The underfitted case We consider that at least one covariate is missing in the real model. For any \(\lambda \in O_{-}\)satisfying \(S_\lambda \nsupseteq S_T\), by virtue of the assumption (A2), we have \(L_n^{S_\lambda } \geqslant L_n^{S_T}\). Recall that the definitions of \(L_n^S\) and \(\textrm{BIC}_\lambda\); we can verify that

$$\begin{aligned} \begin{aligned} \textrm{BIC}_\lambda&=\frac{12 \hat{\tau }^2}{n^2} \sum _{i \leqslant j}\left| Y_i- \rho W Y_i- \hat{g}\left( X_i^{\textrm{T}} \hat{\beta }^\lambda \right) +Y_j- \rho W Y_j- \hat{g}\left( X_j^{\textrm{T}} \hat{\beta }^\lambda \right) \right| +\frac{\log (n)}{n} d f_\lambda \\&\geqslant 12 \hat{\tau }^2 L_n^{S_\lambda }+\frac{\log (n)}{n} d f_\lambda \geqslant 12 \hat{\tau }^2 L_n^{S_T} . \end{aligned} \end{aligned}$$

Therefore, we have \(\textrm{P}\left( \inf _{\lambda \in O_{-}} \textrm{BIC}_\lambda >\textrm{BIC}_{\lambda _n}\right) \rightarrow 1\) holds.

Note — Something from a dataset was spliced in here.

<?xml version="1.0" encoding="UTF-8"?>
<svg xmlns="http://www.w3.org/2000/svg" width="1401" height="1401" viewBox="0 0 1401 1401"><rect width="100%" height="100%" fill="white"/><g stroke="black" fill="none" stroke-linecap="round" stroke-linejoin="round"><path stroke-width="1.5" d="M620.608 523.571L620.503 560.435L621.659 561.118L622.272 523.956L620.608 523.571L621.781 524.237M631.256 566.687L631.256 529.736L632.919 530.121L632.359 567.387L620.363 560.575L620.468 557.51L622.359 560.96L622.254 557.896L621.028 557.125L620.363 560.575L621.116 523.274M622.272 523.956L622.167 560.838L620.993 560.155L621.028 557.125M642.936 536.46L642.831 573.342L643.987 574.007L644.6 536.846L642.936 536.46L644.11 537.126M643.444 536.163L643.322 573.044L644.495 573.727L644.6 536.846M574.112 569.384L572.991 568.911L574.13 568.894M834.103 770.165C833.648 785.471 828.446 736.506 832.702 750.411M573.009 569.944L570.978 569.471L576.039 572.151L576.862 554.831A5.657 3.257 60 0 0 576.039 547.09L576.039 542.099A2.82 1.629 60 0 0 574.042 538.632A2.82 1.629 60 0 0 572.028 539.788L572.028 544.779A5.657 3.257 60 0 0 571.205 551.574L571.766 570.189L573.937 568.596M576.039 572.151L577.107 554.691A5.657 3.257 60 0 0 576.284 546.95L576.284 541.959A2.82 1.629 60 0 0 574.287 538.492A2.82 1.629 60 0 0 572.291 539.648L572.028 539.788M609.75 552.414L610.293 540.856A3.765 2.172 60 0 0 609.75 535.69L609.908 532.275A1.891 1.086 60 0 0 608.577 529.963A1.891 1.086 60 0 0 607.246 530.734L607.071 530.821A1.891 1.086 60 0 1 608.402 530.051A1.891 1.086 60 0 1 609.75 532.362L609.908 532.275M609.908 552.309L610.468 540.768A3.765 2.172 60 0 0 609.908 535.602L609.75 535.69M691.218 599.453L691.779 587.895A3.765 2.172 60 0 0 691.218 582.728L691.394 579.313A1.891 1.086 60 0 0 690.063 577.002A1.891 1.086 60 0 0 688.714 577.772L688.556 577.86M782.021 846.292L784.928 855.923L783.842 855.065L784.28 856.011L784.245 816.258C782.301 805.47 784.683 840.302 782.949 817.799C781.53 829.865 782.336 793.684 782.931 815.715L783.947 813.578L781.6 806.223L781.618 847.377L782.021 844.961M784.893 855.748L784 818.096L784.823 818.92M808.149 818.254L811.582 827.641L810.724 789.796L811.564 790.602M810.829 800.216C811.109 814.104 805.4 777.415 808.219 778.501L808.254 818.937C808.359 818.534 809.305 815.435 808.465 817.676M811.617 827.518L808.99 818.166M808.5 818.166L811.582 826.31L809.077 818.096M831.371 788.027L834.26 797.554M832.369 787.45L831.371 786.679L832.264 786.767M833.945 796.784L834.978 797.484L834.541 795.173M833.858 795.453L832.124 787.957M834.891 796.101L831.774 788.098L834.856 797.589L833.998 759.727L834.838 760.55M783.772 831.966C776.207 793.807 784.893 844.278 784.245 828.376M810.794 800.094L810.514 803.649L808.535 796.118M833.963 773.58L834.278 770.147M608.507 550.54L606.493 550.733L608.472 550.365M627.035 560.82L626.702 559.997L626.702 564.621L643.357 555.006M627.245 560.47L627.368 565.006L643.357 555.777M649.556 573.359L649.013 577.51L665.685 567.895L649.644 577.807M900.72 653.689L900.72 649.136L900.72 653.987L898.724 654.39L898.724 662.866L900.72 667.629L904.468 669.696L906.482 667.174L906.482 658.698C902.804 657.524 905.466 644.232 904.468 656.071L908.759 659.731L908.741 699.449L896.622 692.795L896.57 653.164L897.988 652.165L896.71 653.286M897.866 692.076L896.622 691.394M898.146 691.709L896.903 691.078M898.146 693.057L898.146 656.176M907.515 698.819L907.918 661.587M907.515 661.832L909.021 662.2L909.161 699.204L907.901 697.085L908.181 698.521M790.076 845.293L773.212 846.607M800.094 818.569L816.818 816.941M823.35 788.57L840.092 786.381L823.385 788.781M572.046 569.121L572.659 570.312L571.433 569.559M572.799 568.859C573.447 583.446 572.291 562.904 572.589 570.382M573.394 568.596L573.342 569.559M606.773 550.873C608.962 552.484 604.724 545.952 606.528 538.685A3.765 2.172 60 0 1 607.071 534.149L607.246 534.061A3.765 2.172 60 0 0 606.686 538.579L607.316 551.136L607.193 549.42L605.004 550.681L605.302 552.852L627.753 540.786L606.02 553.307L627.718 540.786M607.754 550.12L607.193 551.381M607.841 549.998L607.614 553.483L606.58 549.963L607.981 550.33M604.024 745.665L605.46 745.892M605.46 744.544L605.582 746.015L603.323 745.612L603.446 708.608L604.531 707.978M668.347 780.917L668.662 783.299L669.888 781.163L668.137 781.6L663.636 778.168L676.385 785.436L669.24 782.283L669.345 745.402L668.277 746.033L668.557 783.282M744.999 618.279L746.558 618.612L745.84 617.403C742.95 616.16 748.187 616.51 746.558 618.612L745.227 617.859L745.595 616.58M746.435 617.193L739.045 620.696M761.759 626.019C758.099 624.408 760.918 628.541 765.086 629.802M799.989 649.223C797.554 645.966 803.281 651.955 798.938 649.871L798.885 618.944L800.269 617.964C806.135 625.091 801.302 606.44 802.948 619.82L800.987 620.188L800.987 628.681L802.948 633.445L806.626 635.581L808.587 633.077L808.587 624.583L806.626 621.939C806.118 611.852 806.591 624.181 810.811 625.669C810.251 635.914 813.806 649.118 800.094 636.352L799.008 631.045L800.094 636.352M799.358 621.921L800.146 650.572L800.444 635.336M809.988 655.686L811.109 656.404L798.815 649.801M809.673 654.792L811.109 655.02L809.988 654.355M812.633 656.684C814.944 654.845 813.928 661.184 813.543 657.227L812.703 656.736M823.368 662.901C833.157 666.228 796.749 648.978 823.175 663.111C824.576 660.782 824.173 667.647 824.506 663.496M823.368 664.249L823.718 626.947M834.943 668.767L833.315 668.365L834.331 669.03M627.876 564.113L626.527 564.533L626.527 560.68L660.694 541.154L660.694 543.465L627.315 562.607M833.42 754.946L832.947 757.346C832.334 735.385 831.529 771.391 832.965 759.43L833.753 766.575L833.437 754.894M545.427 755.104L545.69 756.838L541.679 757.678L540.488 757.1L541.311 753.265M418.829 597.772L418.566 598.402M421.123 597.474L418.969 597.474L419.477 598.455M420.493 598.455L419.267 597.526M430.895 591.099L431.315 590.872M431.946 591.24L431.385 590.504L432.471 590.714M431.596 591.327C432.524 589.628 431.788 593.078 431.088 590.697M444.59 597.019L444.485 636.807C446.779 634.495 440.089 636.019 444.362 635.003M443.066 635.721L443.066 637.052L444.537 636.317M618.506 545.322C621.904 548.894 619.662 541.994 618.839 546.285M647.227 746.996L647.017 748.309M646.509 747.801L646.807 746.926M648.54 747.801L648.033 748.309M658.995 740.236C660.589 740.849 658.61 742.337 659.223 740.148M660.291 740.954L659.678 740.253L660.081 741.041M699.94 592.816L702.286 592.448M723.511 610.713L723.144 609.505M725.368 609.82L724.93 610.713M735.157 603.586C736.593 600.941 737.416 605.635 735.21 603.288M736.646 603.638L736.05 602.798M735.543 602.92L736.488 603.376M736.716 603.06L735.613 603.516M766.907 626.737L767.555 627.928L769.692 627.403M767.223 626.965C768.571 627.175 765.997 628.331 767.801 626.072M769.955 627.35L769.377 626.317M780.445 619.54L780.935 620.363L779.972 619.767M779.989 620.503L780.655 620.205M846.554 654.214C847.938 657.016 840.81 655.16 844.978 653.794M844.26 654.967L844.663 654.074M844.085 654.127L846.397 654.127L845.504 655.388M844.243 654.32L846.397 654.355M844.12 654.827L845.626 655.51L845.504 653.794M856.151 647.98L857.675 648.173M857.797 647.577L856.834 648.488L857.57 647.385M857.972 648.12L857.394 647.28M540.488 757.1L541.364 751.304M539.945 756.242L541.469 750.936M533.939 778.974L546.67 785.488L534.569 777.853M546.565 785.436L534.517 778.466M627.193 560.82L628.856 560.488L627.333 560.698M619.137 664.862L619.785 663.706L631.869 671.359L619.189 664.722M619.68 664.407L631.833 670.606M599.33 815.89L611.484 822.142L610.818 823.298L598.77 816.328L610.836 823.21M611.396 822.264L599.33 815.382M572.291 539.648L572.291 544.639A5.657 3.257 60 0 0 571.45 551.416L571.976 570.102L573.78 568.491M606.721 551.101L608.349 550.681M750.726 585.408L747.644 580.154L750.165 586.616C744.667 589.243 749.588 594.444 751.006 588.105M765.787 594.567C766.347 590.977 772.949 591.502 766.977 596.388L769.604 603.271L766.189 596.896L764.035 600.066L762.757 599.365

The overfitted case We consider the model contains all the covariates in the true model and at least one covariate that does not belong to the true model. Let

$$\begin{aligned} \bar{L}_n(\beta )=\frac{1}{n} \sum _{i \leqslant j}\left| Y_i-\rho W Y_i-\hat{g}\left( X_i^{\textrm{T}} \beta \right) +Y_j-\rho W Y_j-\hat{g}\left( X_j^{\textrm{T}} \beta \right) \right| \end{aligned}$$

for any \(\lambda \in O_{+}\)satisfying \(S_\lambda \supset S_T\) but \(S_\lambda \ne S_T\). Then, we have

$$\begin{aligned} n\left( \textrm{BIC}_\lambda -\textrm{BIC}_{\lambda _n}\right) =12 \hat{\tau }^2\left( \bar{L}_n\left( \hat{\beta }^\lambda \right) -\bar{L}_n\left( \hat{\beta }^{\lambda _n}\right) \right) +\left( d f_\lambda -d f_{\lambda _n}\right) \cdot \log (n) \end{aligned}$$

(A.11)

We can learn from assumption (A1) that both \(\hat{\beta }^\lambda\) and \(\hat{\beta }^{\lambda _n}\) are \(\sqrt{n}\)-consistent, i.e., \(n\left\| \hat{\beta }^\lambda -\beta _0\right\| ^2=\) \(O_p(1)\) and \(n\left\| \hat{\beta }^{\lambda _n}-\beta _0\right\| ^2=O_p(1)\). Besides, we can verify that \(\bar{L}_n\left( \hat{\beta }^\lambda \right) =O_p(1)\) and \(\bar{L}_n\left( \hat{\beta }^{\lambda _n}\right) =O_p(1)\). Moveover, \(\textrm{P}\left( d f_\lambda -d f_{\lambda _n} \geqslant 1\right) \rightarrow 1\) as \(n \rightarrow \infty\); it follows that the right-hand side of (A.11) diverges to \(\infty\) with probability tending to 1 . Hence, \(\textrm{P}\left( \textrm{inf}_{\lambda \in O_{+}} \textrm{BIC} \textrm{C}_\lambda >\textrm{BIC}_{\lambda _n}\right) \rightarrow 1\). In general, we complete the proof by combining the two case.